======== Task material ========

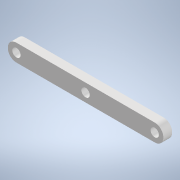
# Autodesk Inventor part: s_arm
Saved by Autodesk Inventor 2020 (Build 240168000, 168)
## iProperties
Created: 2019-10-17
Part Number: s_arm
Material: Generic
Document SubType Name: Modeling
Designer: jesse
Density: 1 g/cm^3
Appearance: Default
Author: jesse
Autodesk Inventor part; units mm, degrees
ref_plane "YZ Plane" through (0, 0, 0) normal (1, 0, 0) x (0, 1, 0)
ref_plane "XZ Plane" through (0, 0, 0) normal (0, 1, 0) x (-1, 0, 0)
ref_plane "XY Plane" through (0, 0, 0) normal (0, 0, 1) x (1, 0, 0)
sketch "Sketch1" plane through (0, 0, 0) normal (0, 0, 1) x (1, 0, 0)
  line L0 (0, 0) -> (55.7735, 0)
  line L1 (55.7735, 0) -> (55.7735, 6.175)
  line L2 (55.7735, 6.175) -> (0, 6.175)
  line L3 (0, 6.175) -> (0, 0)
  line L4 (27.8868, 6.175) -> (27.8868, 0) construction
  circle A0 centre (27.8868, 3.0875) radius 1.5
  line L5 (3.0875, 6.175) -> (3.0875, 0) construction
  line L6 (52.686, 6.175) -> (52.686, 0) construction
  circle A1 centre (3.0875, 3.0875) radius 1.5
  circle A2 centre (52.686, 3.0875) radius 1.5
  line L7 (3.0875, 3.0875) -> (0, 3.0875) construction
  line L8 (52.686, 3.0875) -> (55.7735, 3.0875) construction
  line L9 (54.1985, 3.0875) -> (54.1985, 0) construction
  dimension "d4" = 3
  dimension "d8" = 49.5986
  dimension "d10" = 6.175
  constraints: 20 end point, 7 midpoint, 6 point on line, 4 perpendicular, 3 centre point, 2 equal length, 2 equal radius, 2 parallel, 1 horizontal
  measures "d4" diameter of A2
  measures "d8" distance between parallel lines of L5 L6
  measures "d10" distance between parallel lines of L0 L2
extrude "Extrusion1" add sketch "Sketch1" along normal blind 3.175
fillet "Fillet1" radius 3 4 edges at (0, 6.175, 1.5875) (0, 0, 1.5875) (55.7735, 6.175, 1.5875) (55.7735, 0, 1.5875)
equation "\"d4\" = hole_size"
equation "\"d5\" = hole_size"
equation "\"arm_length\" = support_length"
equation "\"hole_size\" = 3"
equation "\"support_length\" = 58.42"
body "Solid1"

========

Exercise brief: Your answer should consist of all lines above that include the string "measures".

Your solution:
  measures "d4" diameter of A2
  measures "d8" distance between parallel lines of L5 L6
  measures "d10" distance between parallel lines of L0 L2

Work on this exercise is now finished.